When designing the CrapsTable class, we decided that we needed to deduct the price of the bet from the stake when the bet is created. See the Roulette Table Roulette Table Analysis for more information on the timing of this deduction, and the Craps Bet Bet Analysis for more information on the price of a bet.

CrapsPlayer.win(self, bet: Bet) → None
Parameters

bet (Bet) – that was a winner

Notification from the CrapsGame object that the Bet instance was a winner. The amount of money won is available via Bet.winAmount().

CrapsPlayer.lose(self, bet: Bet) → None
Parameters

bet (Bet) – that was a loser

Notification from the CrapsGame that the Bet instance was a loser.

CrapsPlayerPass Subclass

CrapsPlayerPass is a CrapsPlayer who places a Pass Line bet in Craps.

Methods

CrapsPlayer.placeBets(self) → bool

If no Pass Line bet is present, this will update the Table object with a bet on the Pass Line at the base bet amount.

Otherwise, this method does not place an additional bet.

Craps Martingale Subclass

class CrapsMartingale

The CrapsMartingale class is a subclass of CrapsPlayer who places bets in Craps.
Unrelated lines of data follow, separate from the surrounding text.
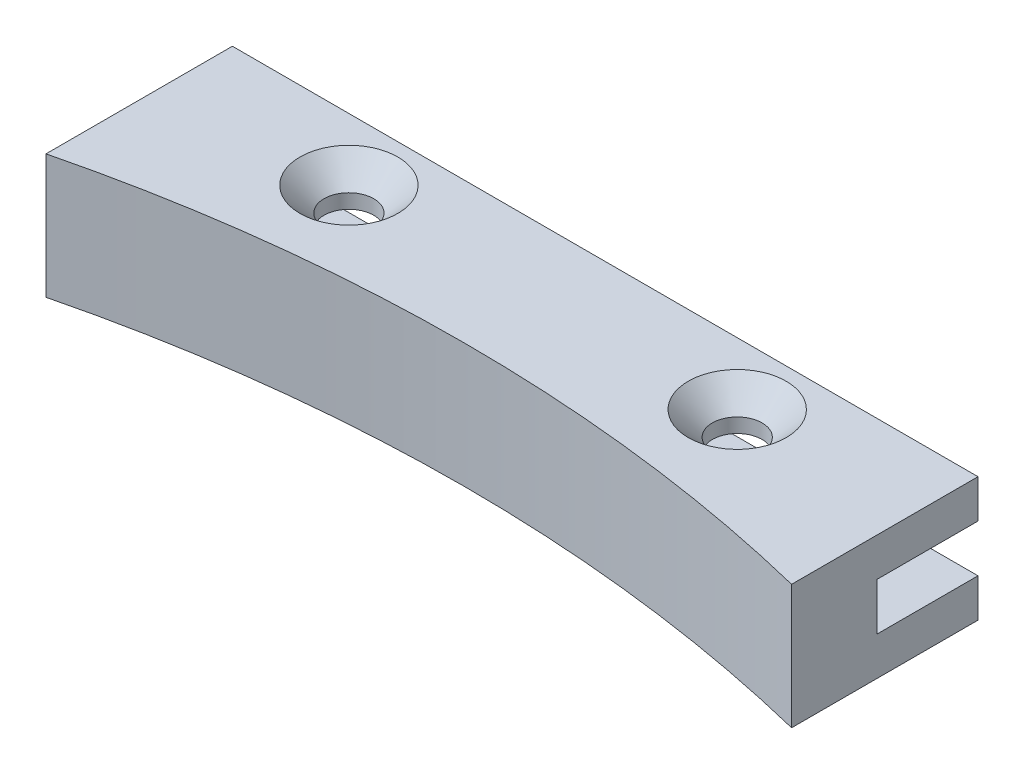
from build123d import *

# Parameters (mm, degrees)
BOSS_EXTRUDE1_DEPTH                             = 4
CSK_FOR_M3_FLAT_HEAD_MACHINE_SCREW1_D           = 3.2
CSK_FOR_M3_FLAT_HEAD_MACHINE_SCREW1_CSINK_D     = 6.3
CSK_FOR_M3_FLAT_HEAD_MACHINE_SCREW1_CSINK_ANGLE = 90
SKETCH9_W                                       = 6.5
SKETCH9_H                                       = 3.05
CUT_EXTRUDE2_DEPTH                              = 50.638694584


with BuildPart() as part:
    # Sketch1 → Boss-Extrude1 (new, symmetric)
    with BuildSketch(Plane(origin=(0, 0, 0), x_dir=(1, 0, 0), z_dir=(0, 1, 0))):
        with BuildLine():
            Line((-24, 0), (24, 0))
            Line((24, 0), (24, -12))
            ThreePointArc((24, -12), (0, -9.077288796), (-24, -12))
            Line((-24, -12), (-24, 0))
        make_face()
    extrude(amount=BOSS_EXTRUDE1_DEPTH, both=True)

    # CSK for M3 Flat Head Machine Screw1 (through all)
    with Locations(Plane(origin=(0, 4, 0), x_dir=(1, 0, 0), z_dir=(0, 1, 0))):
        with Locations((12.5, -4), (-12.5, -4)):
            CounterSinkHole(CSK_FOR_M3_FLAT_HEAD_MACHINE_SCREW1_D / 2, CSK_FOR_M3_FLAT_HEAD_MACHINE_SCREW1_CSINK_D / 2, counter_sink_angle=CSK_FOR_M3_FLAT_HEAD_MACHINE_SCREW1_CSINK_ANGLE)

    # Sketch9 → Cut-Extrude2 (cut, through all)
    with BuildSketch(Plane.ZY.offset(24)):
        with Locations((3.25, 0)):
            Rectangle(SKETCH9_W, SKETCH9_H)
    extrude(amount=-CUT_EXTRUDE2_DEPTH, mode=Mode.SUBTRACT)


solid = part.part
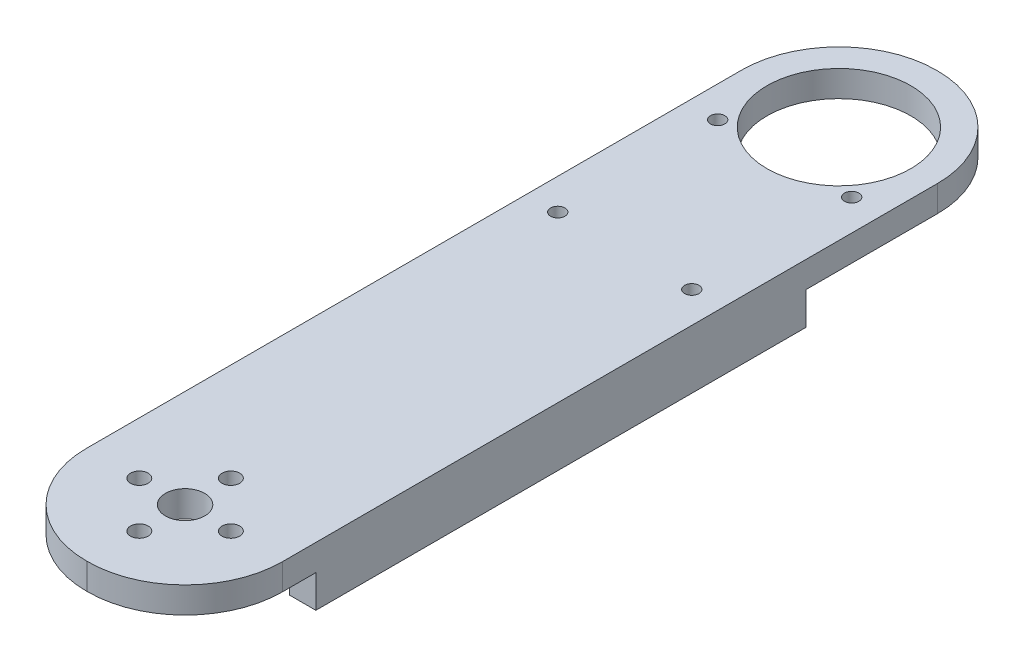
from build123d import *

# Parameters (mm, degrees)
BOSS_1_DEPTH  = 4
S_BOX2_W      = 4
S_BOX2_H      = 5.5
BOSS_2_DEPTH  = 75
S_BOX3_W      = 4
S_BOX3_H      = 5.5
BOSS_3_DEPTH  = 75
S_HOLE4_R     = 3
HOLE_4_DEPTH  = 4.2
S_HOLE5_R     = 1.35
HOLE_5_DEPTH  = 4.2
S_HOLE6_R     = 1.35
HOLE_6_DEPTH  = 4.2
S_HOLE7_R     = 1.35
HOLE_7_DEPTH  = 4.2
S_HOLE8_R     = 1.35
HOLE_8_DEPTH  = 4.2
S_HOLE9_R     = 11
HOLE_9_DEPTH  = 4.2
S_HOLE10_R    = 1.1
HOLE_10_DEPTH = 4.2
S_HOLE11_R    = 1.1
HOLE_11_DEPTH = 4.2
S_HOLE12_R    = 1.1
HOLE_12_DEPTH = 4.2
S_HOLE13_R    = 1.1
HOLE_13_DEPTH = 4.2


with BuildPart() as part:
    # S_prism1 → Boss_1 (new body)
    with BuildSketch(Plane(origin=(0, -22.625, 0), x_dir=(1, 0, 0), z_dir=(0, 1, 0))):
        with BuildLine():
            Line((-0.1, -15), (0.1, -15))
            ThreePointArc((0.1, -15), (10.6359, -10.6359), (15, -0.1))
            Line((15, -0.1), (15, 100.1))
            ThreePointArc((15, 100.1), (10.6359, 110.6359), (0.1, 115))
            Line((0.1, 115), (-0.1, 115))
            ThreePointArc((-0.1, 115), (-10.6359, 110.6359), (-15, 100.1))
            Line((-15, 100.1), (-15, -0.1))
            ThreePointArc((-15, -0.1), (-10.6359, -10.6359), (-0.1, -15))
        make_face()
    extrude(amount=BOSS_1_DEPTH)

    # S_box2 → Boss_2 (add)
    with BuildSketch(Plane.XY.offset(-80)):
        with Locations((-13, -24.875)):
            Rectangle(S_BOX2_W, S_BOX2_H)
    extrude(amount=BOSS_2_DEPTH)

    # S_box3 → Boss_3 (add)
    with BuildSketch(Plane.XY.offset(-80)):
        with Locations((13, -24.875)):
            Rectangle(S_BOX3_W, S_BOX3_H)
    extrude(amount=BOSS_3_DEPTH)

    # S_hole4 → Hole_4 (cut)
    with BuildSketch(Plane(origin=(0, -22.725, 0), x_dir=(1, 0, 0), z_dir=(0, 1, 0))):
        Circle(S_HOLE4_R)
    extrude(amount=HOLE_4_DEPTH, mode=Mode.SUBTRACT)

    # S_hole5 → Hole_5 (cut)
    with BuildSketch(Plane(origin=(0, -22.725, 0), x_dir=(1, 0, 0), z_dir=(0, 1, 0))):
        with Locations((7, 0)):
            Circle(S_HOLE5_R)
    extrude(amount=HOLE_5_DEPTH, mode=Mode.SUBTRACT)

    # S_hole6 → Hole_6 (cut)
    with BuildSketch(Plane(origin=(0, -22.725, 0), x_dir=(1, 0, 0), z_dir=(0, 1, 0))):
        with Locations((0, -7)):
            Circle(S_HOLE6_R)
    extrude(amount=HOLE_6_DEPTH, mode=Mode.SUBTRACT)

    # S_hole7 → Hole_7 (cut)
    with BuildSketch(Plane(origin=(0, -22.725, 0), x_dir=(1, 0, 0), z_dir=(0, 1, 0))):
        with Locations((-7, 0)):
            Circle(S_HOLE7_R)
    extrude(amount=HOLE_7_DEPTH, mode=Mode.SUBTRACT)

    # S_hole8 → Hole_8 (cut)
    with BuildSketch(Plane(origin=(0, -22.725, 0), x_dir=(1, 0, 0), z_dir=(0, 1, 0))):
        with Locations((0, 7)):
            Circle(S_HOLE8_R)
    extrude(amount=HOLE_8_DEPTH, mode=Mode.SUBTRACT)

    # S_hole9 → Hole_9 (cut)
    with BuildSketch(Plane(origin=(0, -22.725, 0), x_dir=(1, 0, 0), z_dir=(0, 1, 0))):
        with Locations((0, 100)):
            Circle(S_HOLE9_R)
    extrude(amount=HOLE_9_DEPTH, mode=Mode.SUBTRACT)

    # S_hole10 → Hole_10 (cut)
    with BuildSketch(Plane(origin=(0, -22.725, 0), x_dir=(1, 0, 0), z_dir=(0, 1, 0))):
        with Locations((-10.25, 91.7)):
            Circle(S_HOLE10_R)
    extrude(amount=HOLE_10_DEPTH, mode=Mode.SUBTRACT)

    # S_hole11 → Hole_11 (cut)
    with BuildSketch(Plane(origin=(0, -22.725, 0), x_dir=(1, 0, 0), z_dir=(0, 1, 0))):
        with Locations((10.25, 91.7)):
            Circle(S_HOLE11_R)
    extrude(amount=HOLE_11_DEPTH, mode=Mode.SUBTRACT)

    # S_hole12 → Hole_12 (cut)
    with BuildSketch(Plane(origin=(0, -22.725, 0), x_dir=(1, 0, 0), z_dir=(0, 1, 0))):
        with Locations((-10.25, 67.25)):
            Circle(S_HOLE12_R)
    extrude(amount=HOLE_12_DEPTH, mode=Mode.SUBTRACT)

    # S_hole13 → Hole_13 (cut)
    with BuildSketch(Plane(origin=(0, -22.725, 0), x_dir=(1, 0, 0), z_dir=(0, 1, 0))):
        with Locations((10.25, 67.25)):
            Circle(S_HOLE13_R)
    extrude(amount=HOLE_13_DEPTH, mode=Mode.SUBTRACT)


solid = part.part
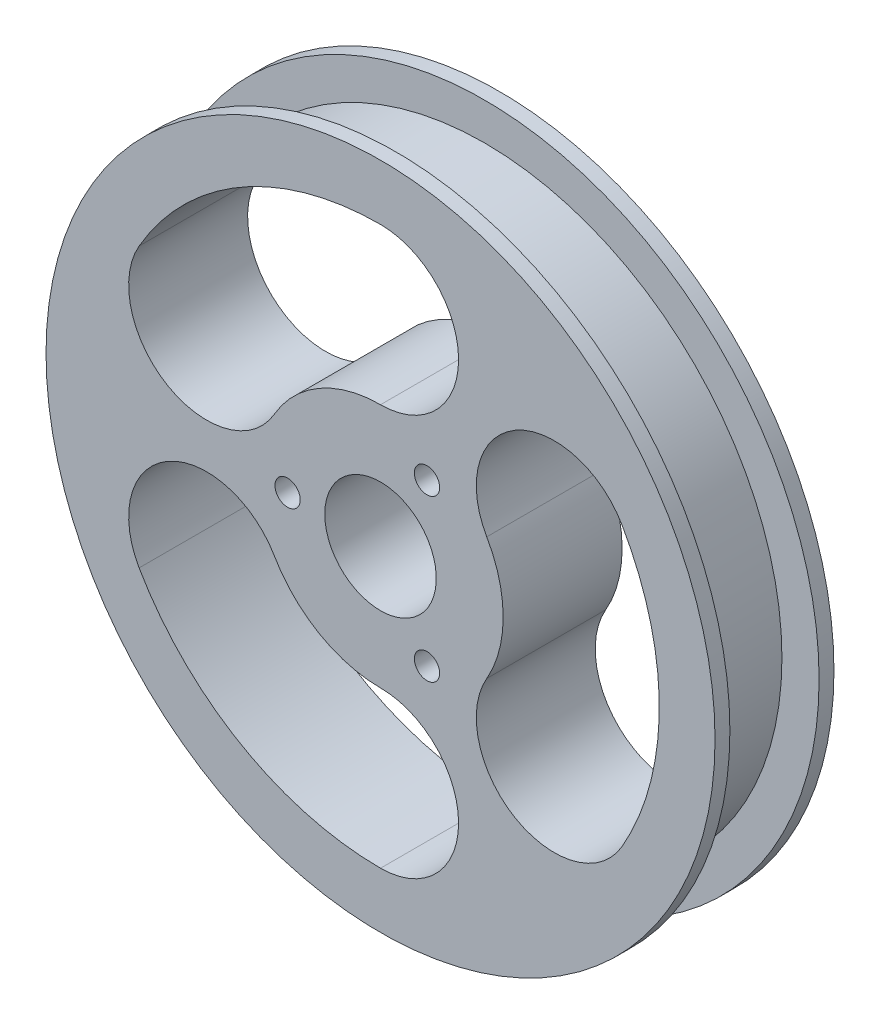
from build123d import *

# Parameters (mm, degrees)
SKETCH_1_R          = 40
EXTRUDE_1_DEPTH     = 12
SKETCH_8_R          = 45
EXTRUDE_3_DEPTH     = 2
EXTRUDE_START       = 2
SKETCH_21_R         = 45
EXTRUDE_4_DEPTH     = 2
SKETCH_2_R          = 7.5
CUT_EXTRUDE_1_DEPTH = 66.620118866
HOLE_WIZARD_M32_D   = 3.4
CUT_EXTRUDE_2_DEPTH = 66.620118866


with BuildPart() as part:
    # Эскиз1 → Бобышка-Вытянуть1 (new body)
    with BuildSketch(Plane.XY):
        Circle(SKETCH_1_R)
    extrude(amount=EXTRUDE_1_DEPTH)

    # Эскиз8 → Бобышка-Вытянуть3 (add)
    with BuildSketch(Plane.XY.offset(12)):
        Circle(SKETCH_8_R)
    extrude(amount=EXTRUDE_3_DEPTH)

    # Эскиз21 → Бобышка-Вытянуть4 (add)
    with BuildSketch(Plane(origin=(0, 0, 0), x_dir=(-1, 0, 0), z_dir=(0, 0, -1)).offset(EXTRUDE_START)):
        Circle(SKETCH_21_R)
    extrude(amount=-EXTRUDE_4_DEPTH)

    # Эскиз2 → Вырез-Вытянуть1 (cut, through all)
    with BuildSketch(Plane(origin=(0, 0, 14), x_dir=(-1, 0, 0), z_dir=(0, 0, -1))):
        Circle(SKETCH_2_R)
    extrude(amount=CUT_EXTRUDE_1_DEPTH, mode=Mode.SUBTRACT)

    # Отверстие с зазором M32 (through all)
    with Locations(Plane.XY.offset(14)):
        with Locations((6.25, 10.825317547), (-12.5, 0), (6.25, -10.825317547)):
            Hole(HOLE_WIZARD_M32_D / 2)

    # Эскиз10 → Вырез-Вытянуть2 (cut, through all)
    with BuildSketch(Plane(origin=(0, 0, 14), x_dir=(-1, 0, 0), z_dir=(0, 0, -1))):
        with BuildLine():
            ThreePointArc((32.475952642, -18.75), (28.632685902, -4.40673326), (14.289419162, -8.25))
            ThreePointArc((14.289419162, -8.25), (8.25, -14.289419162), (0, -16.5))
            ThreePointArc((0, -16.5), (-10.5, -27), (0, -37.5))
            ThreePointArc((0, -37.5), (18.75, -32.475952642), (32.475952642, -18.75))
        make_face()
        with BuildLine():
            ThreePointArc((32.475952642, 18.75), (18.75, 32.475952642), (0, 37.5))
            ThreePointArc((0, 37.5), (-10.5, 27), (0, 16.5))
            ThreePointArc((0, 16.5), (8.25, 14.289419162), (14.289419162, 8.25))
            ThreePointArc((14.289419162, 8.25), (28.632685902, 4.40673326), (32.475952642, 18.75))
        make_face()
        with BuildLine():
            ThreePointArc((-32.475952642, -18.75), (-18.132685902, -22.59326674), (-14.289419162, -8.25))
            ThreePointArc((-14.289419162, -8.25), (-16.5, 0), (-14.289419162, 8.25))
            ThreePointArc((-14.289419162, 8.25), (-18.132685902, 22.59326674), (-32.475952642, 18.75))
            ThreePointArc((-32.475952642, 18.75), (-37.5, 0), (-32.475952642, -18.75))
        make_face()
    extrude(amount=CUT_EXTRUDE_2_DEPTH, mode=Mode.SUBTRACT)


solid = part.part

This player doubles their Pass Line Odds bet on every loss and resets their Pass Line Odds bet to a base amount on each win.

Fields

CrapsPlayer.lossCount

The number of losses. This is the number of times to double the pass line odds bet.

CrapsPlayer.betMultiple

The the bet multiplier, based on the number of losses. This starts at 1, and is reset to 1 on each win. It is doubled in each loss. This is always set so that betMultiple = 2^{lossCount}.

Methods

CrapsPlayer.placeBets(self) → bool

If no Pass Line bet is present, this will update the Table with a bet on the Pass Line at the base bet amount.

If no Pass Line Odds bet is present, this will update the Table object with a Pass Line Odds bet. The amount is the base amount times the betMultiple.

Otherwise, this method does not place an additional bet.

CrapsPlayer.win(self, bet: Bet) → None
Parameters

bet (Bet) – that was a winner

Uses the superclass win() method to update the stake with an amount won. This method then resets the lossCount to zero, and resets the betMultiple to 1.

CrapsPlayer.lose(self, bet: Bet) → None
Parameters

bet (Bet) – that was a loser

Increments lossCount by 1 and doubles betMultiple.

Craps Player Deliverables

There are six deliverables for this exercise.

  • The CrapsPlayer abstract superclass. Since this class doesn’t have a body for the placeBets() method, it can’t be unit tested directly.

  • A CrapsPlayerPass class that is a proper subclass of the CrapsPlayer class, but simply places bets on Pass Line until the stake is exhausted.

  • A unit test class for the CrapsPlayerPass class. This test should synthesize a fixed list of Outcome instances, Throw instances, and calls a CrapsPlayerPass instance with various sequences of craps, naturals and points to assure that the pass line bet is made appropriately.

  • The CrapsMartingale subclass of the CrapsPlayer class.

  • A unit test class for the CrapsMartingale class. This test should synthesize a fixed list of Outcome instances, Throw objects, and calls a CrapsMartingale instance with various sequences of craps, naturals and points to assure that the bet doubles appropriately on each loss, and is reset on each win.

  • The unit test class for the CrapsGame class should still work with the new CrapsPlayerPass class. Using a non-random generator for the Dice instance, this should be able to confirm correct operation of the CrapsGame class for a number of bets.

Looking Forward

Once we have the basics of a player, we can do some design cleanup and refactoring of the code. We have a large number of classes, and there are some areas of overlap and commonality that suggest possible simplifications. In the next chapter we’ll refactor some more of the application class hierarchy.